Correction of Visual Perception Based on Neuro-Fuzzy Learning for the Humanoid Robot TEO

作     者：Hernandez-Vicen, Juan Martinez, Santiago Miguel Garcia-Haro, Juan Balaguer, Carlos 

作者机构：Univ Carlos III Madrid Syst Engn & Automat Dept Avd Univ 30 Madrid 28903 Spain 

出 版 物：《SENSORS》 (Sensors)

年 卷 期：2018年第18卷第4期

页      面：972-972页

核心收录：

学科分类：0710[理学-生物学] 071010[理学-生物化学与分子生物学] 0808[工学-电气工程] 07[理学] 0804[工学-仪器科学与技术] 0703[理学-化学] 

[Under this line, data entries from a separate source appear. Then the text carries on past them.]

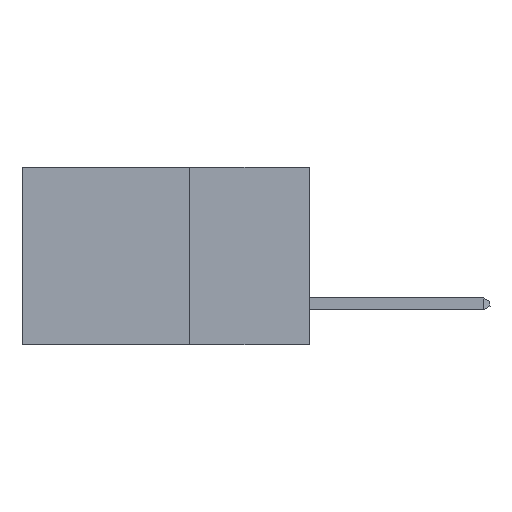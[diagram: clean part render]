
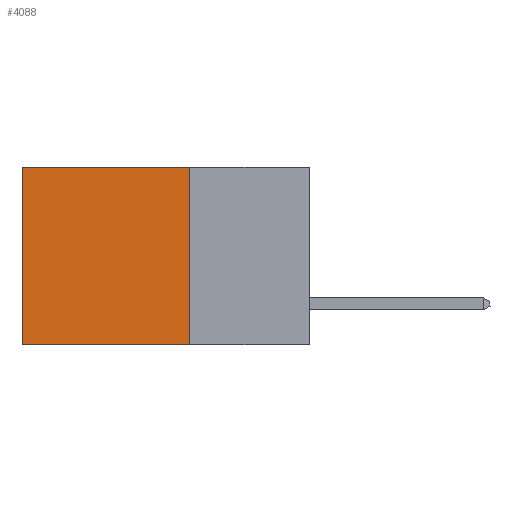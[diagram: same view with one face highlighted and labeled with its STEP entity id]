
A CAD part, left-side view. The second image highlights one B-rep face of the part: STEP entity #4088.
In plain terms, the highlighted planar face has unit normal (-1, 0, 0).
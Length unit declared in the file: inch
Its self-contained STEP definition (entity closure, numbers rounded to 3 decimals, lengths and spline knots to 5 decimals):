
#75 = EDGE_CURVE ( 'NONE', #1724, #1114, #2209, .T. ) ;
#311 = FACE_OUTER_BOUND ( 'NONE', #1094, .T. ) ;
#573 = AXIS2_PLACEMENT_3D ( 'NONE', #3749, #5138, #17236 ) ;
#598 = DIRECTION ( 'NONE',  ( 0., 0., -1. ) ) ;
#600 = VECTOR ( 'NONE', #2190, 39.37008 ) ;
#1094 = EDGE_LOOP ( 'NONE', ( #6287, #9846, #6142, #16725 ) ) ;
#1114 = VERTEX_POINT ( 'NONE', #8277 ) ;
#1482 = CARTESIAN_POINT ( 'NONE',  ( 0.2875, 0.6, 0. ) ) ;
#1724 = VERTEX_POINT ( 'NONE', #5010 ) ;
#1898 = EDGE_CURVE ( 'NONE', #1114, #16444, #4166, .T. ) ;
#2190 = DIRECTION ( 'NONE',  ( 0., 1., 0. ) ) ;
#2209 = LINE ( 'NONE', #7083, #15884 ) ;
#3212 = LINE ( 'NONE', #4046, #16456 ) ;
#3749 = CARTESIAN_POINT ( 'NONE',  ( 0.2875, 0.25, 0. ) ) ;
#3802 = PLANE ( 'NONE',  #573 ) ;
#4046 = CARTESIAN_POINT ( 'NONE',  ( 0.2875, 0.25, 0. ) ) ;
#4088 = ADVANCED_FACE ( 'NONE', ( #311 ), #3802, .F. ) ;
#4094 = DIRECTION ( 'NONE',  ( 0., 1., 0. ) ) ;
#4166 = LINE ( 'NONE', #12939, #600 ) ;
#4665 = VERTEX_POINT ( 'NONE', #1482 ) ;
#5010 = CARTESIAN_POINT ( 'NONE',  ( 0.2875, 0.25, 0. ) ) ;
#5138 = DIRECTION ( 'NONE',  ( 1., 0., 0. ) ) ;
#6047 = DIRECTION ( 'NONE',  ( 0., 0., -1. ) ) ;
#6142 = ORIENTED_EDGE ( 'NONE', *, *, #75, .F. ) ;
#6287 = ORIENTED_EDGE ( 'NONE', *, *, #9214, .T. ) ;
#7083 = CARTESIAN_POINT ( 'NONE',  ( 0.2875, 0.25, 0. ) ) ;
#8277 = CARTESIAN_POINT ( 'NONE',  ( 0.2875, 0.25, -0.37 ) ) ;
#9214 = EDGE_CURVE ( 'NONE', #4665, #16444, #12907, .T. ) ;
#9846 = ORIENTED_EDGE ( 'NONE', *, *, #1898, .F. ) ;
#12483 = VECTOR ( 'NONE', #598, 39.37008 ) ;
#12907 = LINE ( 'NONE', #13906, #12483 ) ;
#12939 = CARTESIAN_POINT ( 'NONE',  ( 0.2875, 0.25, -0.37 ) ) ;
#13906 = CARTESIAN_POINT ( 'NONE',  ( 0.2875, 0.6, 0. ) ) ;
#14406 = CARTESIAN_POINT ( 'NONE',  ( 0.2875, 0.6, -0.37 ) ) ;
#15848 = EDGE_CURVE ( 'NONE', #1724, #4665, #3212, .T. ) ;
#15884 = VECTOR ( 'NONE', #6047, 39.37008 ) ;
#16444 = VERTEX_POINT ( 'NONE', #14406 ) ;
#16456 = VECTOR ( 'NONE', #4094, 39.37008 ) ;
#16725 = ORIENTED_EDGE ( 'NONE', *, *, #15848, .T. ) ;
#17236 = DIRECTION ( 'NONE',  ( 0., 0., -1. ) ) ;
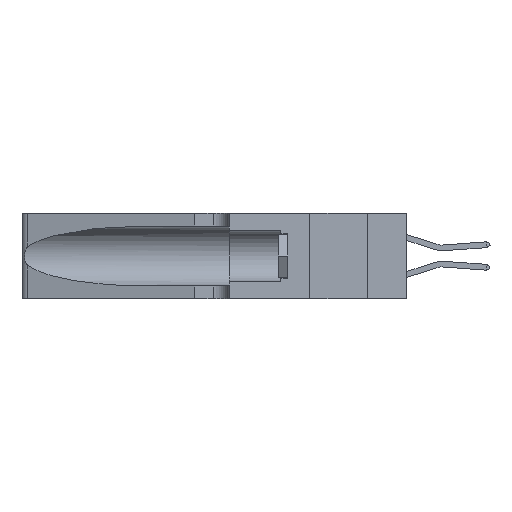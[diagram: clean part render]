
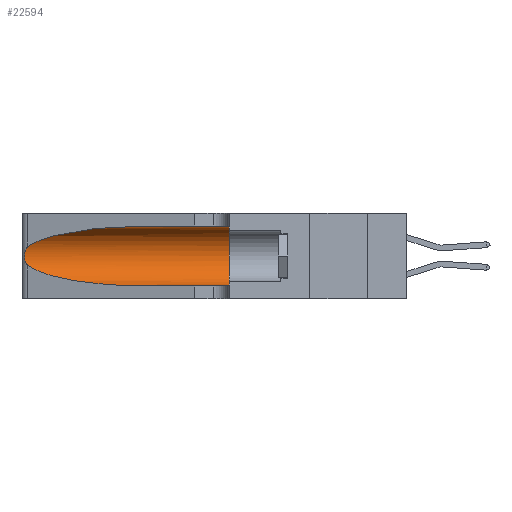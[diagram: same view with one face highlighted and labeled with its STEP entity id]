
A CAD part, left-side view. The second image highlights one B-rep face of the part: STEP entity #22594.
In plain terms, the highlighted cylindrical face has radius 3.308 mm (diameter 6.617 mm), a partial arc.
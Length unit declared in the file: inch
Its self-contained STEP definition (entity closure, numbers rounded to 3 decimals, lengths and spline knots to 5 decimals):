
#594 = CARTESIAN_POINT ( 'NONE',  ( 0.1305, 0.72297, 0.31525 ) ) ;
#2640 = CARTESIAN_POINT ( 'NONE',  ( 0.2373, 1.15595, 0.08982 ) ) ;
#2687 = VECTOR ( 'NONE', #20321, 39.37008 ) ;
#3247 = DIRECTION ( 'NONE',  ( 0., -1., 0. ) ) ;
#3853 = CARTESIAN_POINT ( 'NONE',  ( 0.1305, 0.72297, 0.31525 ) ) ;
#3858 = CARTESIAN_POINT ( 'NONE',  ( 0.25854, 1.2359, 0.20912 ) ) ;
#4282 = CARTESIAN_POINT ( 'NONE',  ( 0.25487, 1.22718, 0.22369 ) ) ;
#4315 = CARTESIAN_POINT ( 'NONE',  ( 0.1305, 0.35, 0.31525 ) ) ;
#4981 = AXIS2_PLACEMENT_3D ( 'NONE', #20399, #31956, #14388 ) ;
#5880 = EDGE_CURVE ( 'NONE', #10499, #37789, #26044, .T. ) ;
#6478 = CARTESIAN_POINT ( 'NONE',  ( 0.25487, 1.22718, 0.22369 ) ) ;
#7885 = VECTOR ( 'NONE', #3247, 39.37008 ) ;
#7955 = CARTESIAN_POINT ( 'NONE',  ( 0.18966, 0.96281, 0.05475 ) ) ;
#9302 = CARTESIAN_POINT ( 'NONE',  ( 0.26075, 1.23896, 0.178 ) ) ;
#9972 = EDGE_CURVE ( 'NONE', #14768, #10499, #35982, .T. ) ;
#10327 = EDGE_LOOP ( 'NONE', ( #31414, #18901, #26108, #16967, #16066, #22181 ) ) ;
#10499 = VERTEX_POINT ( 'NONE', #18817 ) ;
#12154 = EDGE_CURVE ( 'NONE', #16473, #30981, #22324, .T. ) ;
#12363 = CARTESIAN_POINT ( 'NONE',  ( 0.25639, 1.23186, 0.15144 ) ) ;
#13290 = CIRCLE ( 'NONE', #4981, 0.13025 ) ;
#14388 = DIRECTION ( 'NONE',  ( 0., 0., 1. ) ) ;
#14434 = CARTESIAN_POINT ( 'NONE',  ( 0.1305, 1.61858, 0.05475 ) ) ;
#14768 = VERTEX_POINT ( 'NONE', #31616 ) ;
#14945 = CARTESIAN_POINT ( 'NONE',  ( 0.25789, 1.23486, 0.15765 ) ) ;
#14981 = CARTESIAN_POINT ( 'NONE',  ( 0.26018, 1.23835, 0.19895 ) ) ;
#16066 = ORIENTED_EDGE ( 'NONE', *, *, #18561, .F. ) ;
#16473 = VERTEX_POINT ( 'NONE', #3853 ) ;
#16967 = ORIENTED_EDGE ( 'NONE', *, *, #5880, .T. ) ;
#17073 = CARTESIAN_POINT ( 'NONE',  ( 0.1305, 0.72297, 0.05475 ) ) ;
#17553 = LINE ( 'NONE', #26662, #7885 ) ;
#18272 = CARTESIAN_POINT ( 'NONE',  ( 0.25487, 1.22718, 0.14631 ) ) ;
#18561 = EDGE_CURVE ( 'NONE', #32714, #37789, #13290, .T. ) ;
#18817 = CARTESIAN_POINT ( 'NONE',  ( 0.1305, 0.72297, 0.05475 ) ) ;
#18901 = ORIENTED_EDGE ( 'NONE', *, *, #19550, .T. ) ;
#19286 = DIRECTION ( 'NONE',  ( 0., 0., -1. ) ) ;
#19550 = EDGE_CURVE ( 'NONE', #30981, #14768, #26335, .T. ) ;
#20321 = DIRECTION ( 'NONE',  ( 0., -1., 0. ) ) ;
#20399 = CARTESIAN_POINT ( 'NONE',  ( 0.1305, 0.35, 0.185 ) ) ;
#20619 = CARTESIAN_POINT ( 'NONE',  ( 0.2373, 1.15595, 0.28018 ) ) ;
#21118 = CARTESIAN_POINT ( 'NONE',  ( 0.18966, 0.96281, 0.31525 ) ) ;
#21254 = AXIS2_PLACEMENT_3D ( 'NONE', #27861, #33950, #19286 ) ;
#22181 = ORIENTED_EDGE ( 'NONE', *, *, #33834, .F. ) ;
#22324 =( BOUNDED_CURVE ( )  B_SPLINE_CURVE ( 3, ( #594, #21118, #20619, #6478 ),
 .UNSPECIFIED., .F., .F. ) 
 B_SPLINE_CURVE_WITH_KNOTS ( ( 4, 4 ),
 ( 1.5708, 2.84003 ),
 .UNSPECIFIED. ) 
 CURVE ( )  GEOMETRIC_REPRESENTATION_ITEM ( )  RATIONAL_B_SPLINE_CURVE ( ( 1., 0.87, 0.87, 1. ) ) 
 REPRESENTATION_ITEM ( '' )  );
#22594 = ADVANCED_FACE ( 'NONE', ( #30410 ), #26715, .F. ) ;
#22974 = CARTESIAN_POINT ( 'NONE',  ( 0.25487, 1.22718, 0.14631 ) ) ;
#24771 = CARTESIAN_POINT ( 'NONE',  ( 0.25555, 1.22994, 0.2215 ) ) ;
#25869 = CARTESIAN_POINT ( 'NONE',  ( 0.25639, 1.23184, 0.21858 ) ) ;
#26044 = LINE ( 'NONE', #14434, #2687 ) ;
#26108 = ORIENTED_EDGE ( 'NONE', *, *, #9972, .T. ) ;
#26335 = B_SPLINE_CURVE_WITH_KNOTS ( 'NONE', 3,
 ( #4282, #24771, #25869, #34413, #3858, #14981, #29570, #9302, #30085, #26736, #14945, #12363, #32903, #18272 ),
 .UNSPECIFIED., .F., .F.,
 ( 4, 2, 2, 2, 2, 2, 4 ),
 ( 0., 0.00027, 0.00053, 0.00107, 0.0016, 0.00187, 0.00214 ),
 .UNSPECIFIED. ) ;
#26662 = CARTESIAN_POINT ( 'NONE',  ( 0.1305, 1.61858, 0.31525 ) ) ;
#26715 = CYLINDRICAL_SURFACE ( 'NONE', #21254, 0.13025 ) ;
#26736 = CARTESIAN_POINT ( 'NONE',  ( 0.25856, 1.23593, 0.16098 ) ) ;
#27861 = CARTESIAN_POINT ( 'NONE',  ( 0.1305, 1.61858, 0.185 ) ) ;
#29570 = CARTESIAN_POINT ( 'NONE',  ( 0.26075, 1.23896, 0.19203 ) ) ;
#30085 = CARTESIAN_POINT ( 'NONE',  ( 0.26017, 1.23833, 0.17102 ) ) ;
#30410 = FACE_OUTER_BOUND ( 'NONE', #10327, .T. ) ;
#30981 = VERTEX_POINT ( 'NONE', #35907 ) ;
#31414 = ORIENTED_EDGE ( 'NONE', *, *, #12154, .T. ) ;
#31616 = CARTESIAN_POINT ( 'NONE',  ( 0.25487, 1.22718, 0.14631 ) ) ;
#31956 = DIRECTION ( 'NONE',  ( 0., 1., 0. ) ) ;
#32714 = VERTEX_POINT ( 'NONE', #4315 ) ;
#32903 = CARTESIAN_POINT ( 'NONE',  ( 0.25555, 1.22993, 0.14849 ) ) ;
#33834 = EDGE_CURVE ( 'NONE', #16473, #32714, #17553, .T. ) ;
#33950 = DIRECTION ( 'NONE',  ( 0., -1., 0. ) ) ;
#34413 = CARTESIAN_POINT ( 'NONE',  ( 0.25787, 1.23484, 0.2124 ) ) ;
#35906 = CARTESIAN_POINT ( 'NONE',  ( 0.1305, 0.35, 0.05475 ) ) ;
#35907 = CARTESIAN_POINT ( 'NONE',  ( 0.25487, 1.22718, 0.22369 ) ) ;
#35982 =( BOUNDED_CURVE ( )  B_SPLINE_CURVE ( 3, ( #22974, #2640, #7955, #17073 ),
 .UNSPECIFIED., .F., .T. ) 
 B_SPLINE_CURVE_WITH_KNOTS ( ( 4, 4 ),
 ( 3.44316, 4.71239 ),
 .UNSPECIFIED. ) 
 CURVE ( )  GEOMETRIC_REPRESENTATION_ITEM ( )  RATIONAL_B_SPLINE_CURVE ( ( 1., 0.87, 0.87, 1. ) ) 
 REPRESENTATION_ITEM ( '' )  );
#37789 = VERTEX_POINT ( 'NONE', #35906 ) ;

基　　金：RoboCity2030-III-CM project (Robotica aplicada a la mejora de la calidad de vida de los ciudadanos. fase III) [S2013/MIT-2748] Programas de Actividades I + D en la Comunidad de Madrid EU 

主　　题：humanoid robot artificial vision non-grasping manipulation Neuro-Fuzzy filter distortion correction 

摘      要：New applications related to robotic manipulation or transportation tasks, with or without physical grasping, are continuously being developed. To perform these activities, the robot takes advantage of different kinds of perceptions. One of the key perceptions in robotics is vision. However, some problems related to image processing makes the application of visual information within robot control algorithms difficult. Camera-based systems have inherent errors that affect the quality and reliability of the information obtained. The need of correcting image distortion slows down image parameter computing, which decreases performance of control algorithms. In this paper, a new approach to correcting several sources of visual distortions on images in only one computing step is proposed. The goal of this system/algorithm is the computation of the tilt angle of an object transported by a robot, minimizing image inherent errors and increasing computing speed. After capturing the image, the computer system extracts the angle using a Fuzzy filter that corrects at the same time all possible distortions, obtaining the real angle in only one processing step. This filter has been developed by the means of Neuro-Fuzzy learning techniques, using datasets with information obtained from real experiments. In this way, the computing time has been decreased and the performance of the application has been improved. The resulting algorithm has been tried out experimentally in robot transportation tasks in the humanoid robot TEO (Task Environment Operator) from the University Carlos III of Madrid.